*ASSIGNMENT:* Once the line holding "Entrenador básico para Arduino Micro" is found in the entries below, transcribe exactly every line up to and including the one holding "R10: 100k; M0805", but leave out the pictures.
___ INFORMATION PROVIDED
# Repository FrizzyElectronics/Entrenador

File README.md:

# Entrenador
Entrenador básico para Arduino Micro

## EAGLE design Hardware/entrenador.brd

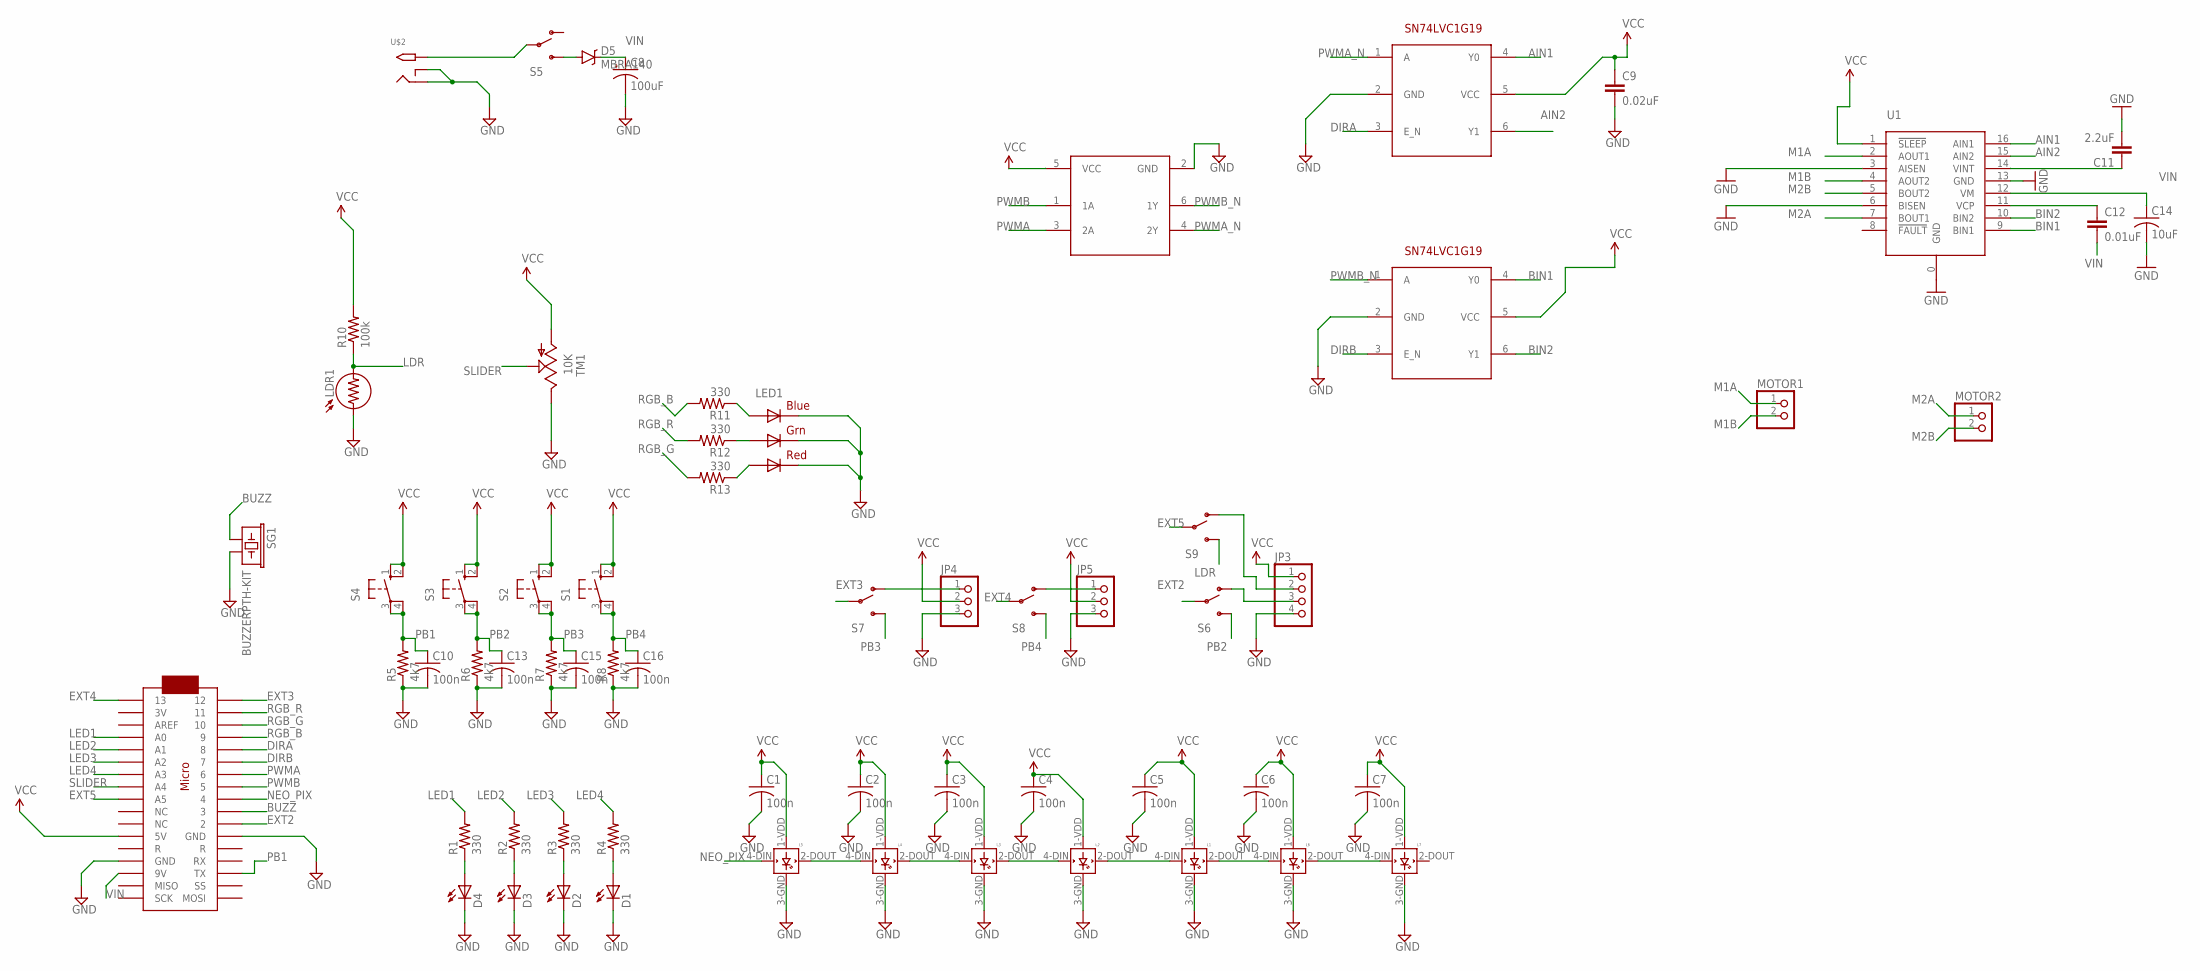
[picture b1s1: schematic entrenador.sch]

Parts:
C1, C2, C3, C4, C5, C6, C7, C10, C13, C15, C16: 100n; C0805
C8: 100uF; 175TMP-0808
C9: 0.02uF; C0805
C11: 2.2uF; C0805
C12: 0.01uF; C0805
C14: 10uF; C0805K
D1, D2, D3, D4: LED5MM
D5: MBRA140; SMA-DIODE
JP3: PINHD-1X4/90; 1X04/90
JP4, JP5: PINHD-1X3/90; 1X03/90
L1, L2, L3, L4, L5, L6, L7: WS2812B
LDR1: LDR5MM; LDR338-54C
LED1: RGBLED5050
MOTOR1, MOTOR2: PINHD-1X2/90; 1X02/90
R1, R2, R3, R4, R11, R12, R13: 330; M0805
R5, R6, R7, R8: 4k7; M0805
R10: 100k; M0805
S1, S2, S3, S4: 40-XX-ROUND; B3F-40XX-ROUND
S5: SWITCH-SPDT-SMD-A; SWITCH-SPST-SMD-A
S6, S7, S8, S9: SWITCH-SPDTSS-12F44; SS-12F44G4
SG1: BUZZERPTH-KIT; BUZZER-12MM-KIT
TM1: 10K; SLIDEPOT-60
U1: DRV8833; PWP16
U$1, U$9: SN74LVC1G19SN74LVC1G19-DBVR; SOT23-6
U$2: 2.1MMJACKTHM; PJ-102A
U$8: ARDUINOMICRO
U$10: SN74LVC2G04SOT23-6; SOT23-6

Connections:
AIN1: U1.16 (AIN1), U$1.4 (Y0)
AIN2: U1.15 (AIN2), U$1.6 (Y1)
BIN1: U1.9 (BIN1), U$9.4 (Y0)
BIN2: U1.10 (BIN2), U$9.6 (Y1)
BUZZ: SG1.+ (1), U$8.P$10 (3)
DIRA: U$1.3 (E_N), U$8.P$5 (8)
DIRB: U$8.P$6 (7), U$9.3 (E_N)
EXT2: S6.2, U$8.P$11 (2)
EXT3: S7.2, U$8.P$1 (12)
EXT4: S8.2, U$8.P$34 (13)
EXT5: S9.2, U$8.P$26 (A5)
GND: C1.2, C2.2, C3.2, C4.2, C5.2, C6.2, C7.2, C8.-, C9.2, C10.2, C11.2, C13.2, C14.2, C15.2, C16.2, D1.K (C), D2.K (C), D3.K (C), D4.K (C), JP3.4, JP4.3, JP5.3, L1.3-GND (GND), L2.3-GND (GND), L3.3-GND (GND), L4.3-GND (GND), L5.3-GND (GND), L6.3-GND (GND), L7.3-GND (GND), LDR1.1, LED1.4 (BLUE_C), LED1.5 (RED_C), LED1.6 (GREEN_C), R5.1, R6.1, R7.1, R8.1, SG1.- (2), TM1.C (E), U1.0 (GND), U1.3 (AISEN), U1.6 (BISEN), U1.13 (GND), U$1.2 (GND), U$2.RING, U$2.RING_SW, U$8.P$12 (GND), U$8.P$21 (GND), U$9.2 (GND), U$10.2 (GND)
LDR: LDR1.2, R10.1, S9.3 (S)
LED1: R1.2, U$8.P$31 (A0)
LED2: R2.2, U$8.P$30 (A1)
LED3: R3.2, U$8.P$29 (A2)
LED4: R4.2, U$8.P$28 (A3)
M1A: MOTOR1.1, U1.2 (AOUT1)
M1B: MOTOR1.2, U1.4 (AOUT2)
M2A: MOTOR2.1, U1.7 (BOUT1)
M2B: MOTOR2.2, U1.5 (BOUT2)
unnamed: D5.A, S5.3 (S)
unnamed: JP3.3, S6.1 (O)
unnamed: JP3.2, S9.1 (O)
unnamed: D1.A, R4.1
unnamed: D2.A, R3.1
unnamed: D3.A, R2.1
unnamed: D4.A, R1.1
unnamed: JP4.1, S7.1 (O)
unnamed: LED1.3 (BLUE_A), R11.1
unnamed: LED1.1 (GREEN_A), R12.1
unnamed: LED1.2 (RED_A), R13.1
unnamed: C12.1, U1.11 (VCP)
unnamed: L4.4-DIN (DIN), L5.2-DOUT (DOUT)
unnamed: L3.4-DIN (DIN), L4.2-DOUT (DOUT)
unnamed: L2.4-DIN (DIN), L3.2-DOUT (DOUT)
unnamed: L1.4-DIN (DIN), L2.2-DOUT (DOUT)
unnamed: L1.2-DOUT (DOUT), L6.4-DIN (DIN)
unnamed: L6.2-DOUT (DOUT), L7.4-DIN (DIN)
unnamed: JP5.1, S8.1 (O)
unnamed: S5.2, U$2.TIP
unnamed: C11.1, U1.14 (VINT)
NEO_PIX: L5.4-DIN (DIN), U$8.P$9 (4)
PB1: C10.1, R5.2, S4.3, S4.4 (P1), U$8.P$15 (TX)
PB2: C13.1, R6.2, S3.3, S3.4 (P1), S6.3 (S)
PB3: C15.1, R7.2, S2.3, S2.4 (P1), S7.3 (S)
PB4: C16.1, R8.2, S1.3, S1.4 (P1), S8.3 (S)
PWMA: U$8.P$7 (6), U$10.3 (2A)
PWMA_N: U$1.1 (A), U$10.4 (2Y)
PWMB: U$8.P$8 (5), U$10.1 (1A)
PWMB_N: U$9.1 (A), U$10.6 (1Y)
RGB_B: R11.2, U$8.P$4 (9)
RGB_G: R13.2, U$8.P$3 (10)
RGB_R: R12.2, U$8.P$2 (11)
SLIDER: TM1.B (S), U$8.P$27 (A4)
VCC: C1.1, C2.1, C3.1, C4.1, C5.1, C6.1, C7.1, C9.1, JP3.1, JP4.2, JP5.2, L1.1-VDD (VDD), L2.1-VDD (VDD), L3.1-VDD (VDD), L4.1-VDD (VDD), L5.1-VDD (VDD), L6.1-VDD (VDD), L7.1-VDD (VDD), R10.2, S1.1 (S), S1.2 (S1), S2.1 (S), S2.2 (S1), S3.1 (S), S3.2 (S1), S4.1 (S), S4.2 (S1), TM1.A, U1.1 (!SLEEP), U$1.5 (VCC), U$8.P$23 (5V), U$9.5 (VCC), U$10.5 (VCC)
VIN: C8.+, C12.2, C14.1, D5.C, U1.12 (VM), U$8.P$20 (9V)

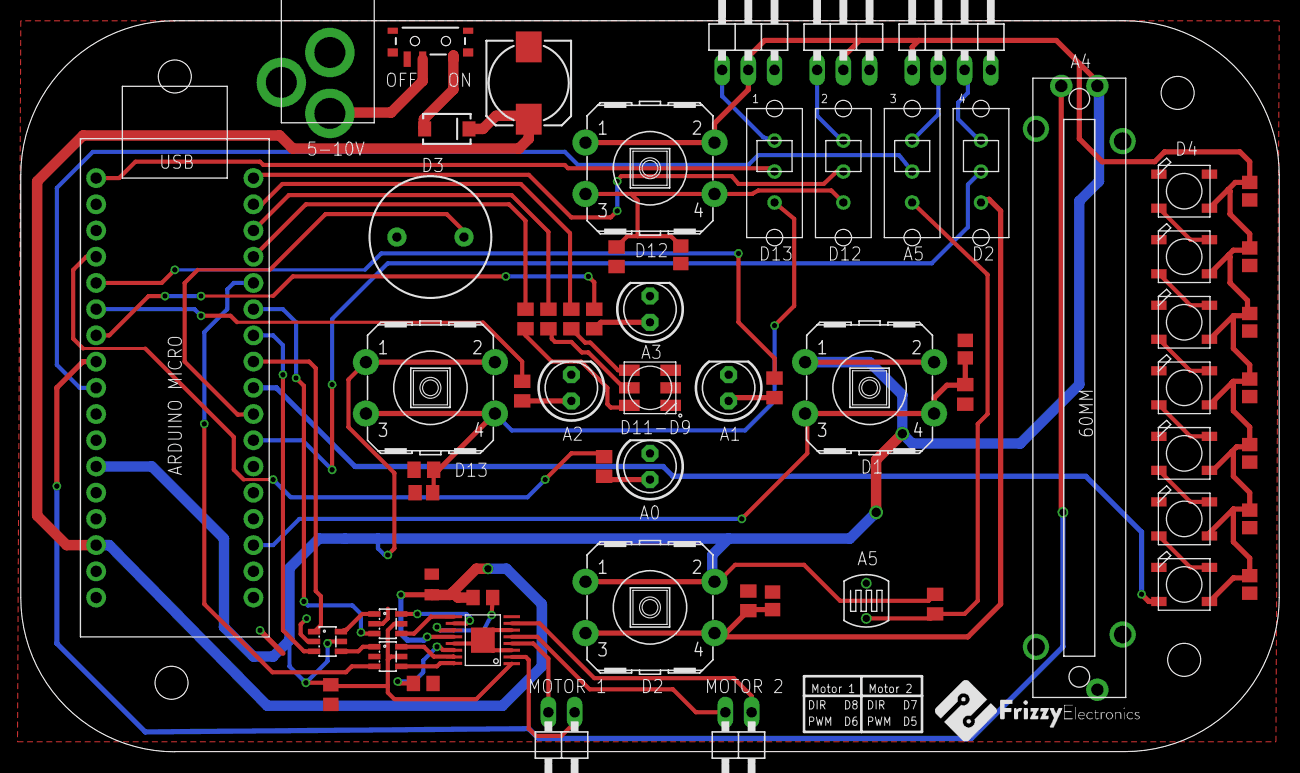
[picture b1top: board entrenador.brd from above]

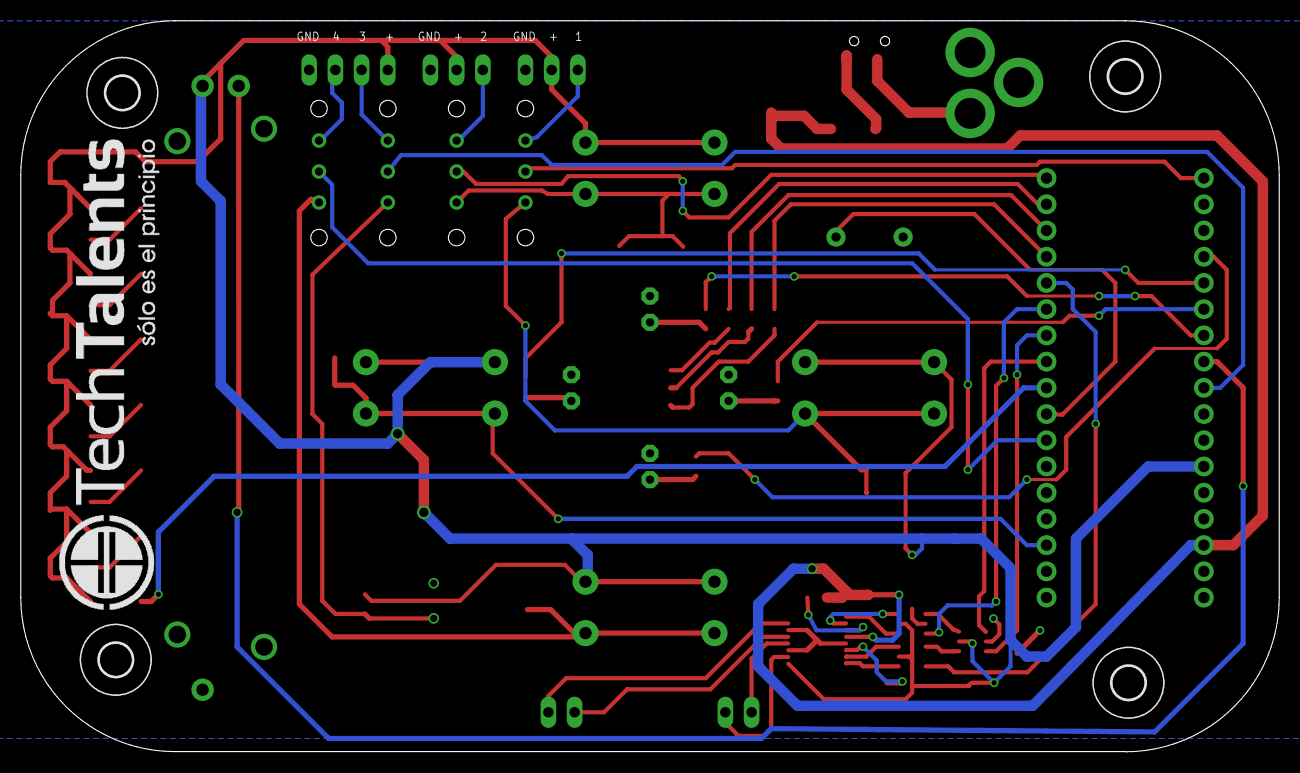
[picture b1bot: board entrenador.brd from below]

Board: 2 copper layers, 121.9 x 70.8 mm, 68 parts (4 on the bottom side), 57 nets.

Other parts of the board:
U$3, U$4, U$5, U$6: 3,2

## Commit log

2016-07-02 Add The License
2016-07-02 Archivos añadidos
    Archivos añadidos
2016-07-02 Version mandada a fabrica
    Documentacion terminada.
2016-07-02 Entrenador Arduino Micro
2016-07-22 Entrenador para arduino micro
    Partlist generado.
2016-09-15 FALTA PONER LA SERIGRAFIA .Arreglados todos los issues del circuito salvo determinar por que los pines meten ruido.
2016-09-15 me falto revisar una cosa del anterior commit, disculpas. curregido
2016-09-20 Serigrafia TechTalents Añadida
2016-12-29 Mandada a fabrica
    Version 1.1
2016-12-29 Ultima version
2019-03-05 Árbol de carpetas cambiado
2019-03-05 Version 2 comenzada
2019-03-07 Acelerómetro añadido
2019-03-08 Cambiado a 3.3V
2019-03-08 Esquema terminado
2019-03-08 Esquema colocado
2019-03-19 Huellas asignadas
2019-03-19 Comenzando la placa
2019-03-20 Componentes colocados
2019-03-20 Enrutado comenzado
2019-03-21 Cambio de forma
2019-03-21 Placa enrutada
2019-03-22 Colocando lo componentes en 3D
2019-03-22 Trabajando en la serigrafía
2019-03-22 Guardado de seguridad
2019-03-26 Serigrafias añadidas
2019-03-26 DRC pasado
2019-03-29 Taladros del Slider ensanchados
2019-03-29 Zonas rellenadas

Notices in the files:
parts and their libraries:
SparkFun-Electromechanical: Licensing: Creative Commons ShareAlike 4.0 International - https://creativecommons.org/licenses/by-sa/4.0
______
*SOLUTION TO THIS TASK:*
Entrenador básico para Arduino Micro

## EAGLE design Hardware/entrenador.brd

[picture b1s1: schematic entrenador.sch]

Parts:
C1, C2, C3, C4, C5, C6, C7, C10, C13, C15, C16: 100n; C0805
C8: 100uF; 175TMP-0808
C9: 0.02uF; C0805
C11: 2.2uF; C0805
C12: 0.01uF; C0805
C14: 10uF; C0805K
D1, D2, D3, D4: LED5MM
D5: MBRA140; SMA-DIODE
JP3: PINHD-1X4/90; 1X04/90
JP4, JP5: PINHD-1X3/90; 1X03/90
L1, L2, L3, L4, L5, L6, L7: WS2812B
LDR1: LDR5MM; LDR338-54C
LED1: RGBLED5050
MOTOR1, MOTOR2: PINHD-1X2/90; 1X02/90
R1, R2, R3, R4, R11, R12, R13: 330; M0805
R5, R6, R7, R8: 4k7; M0805
R10: 100k; M0805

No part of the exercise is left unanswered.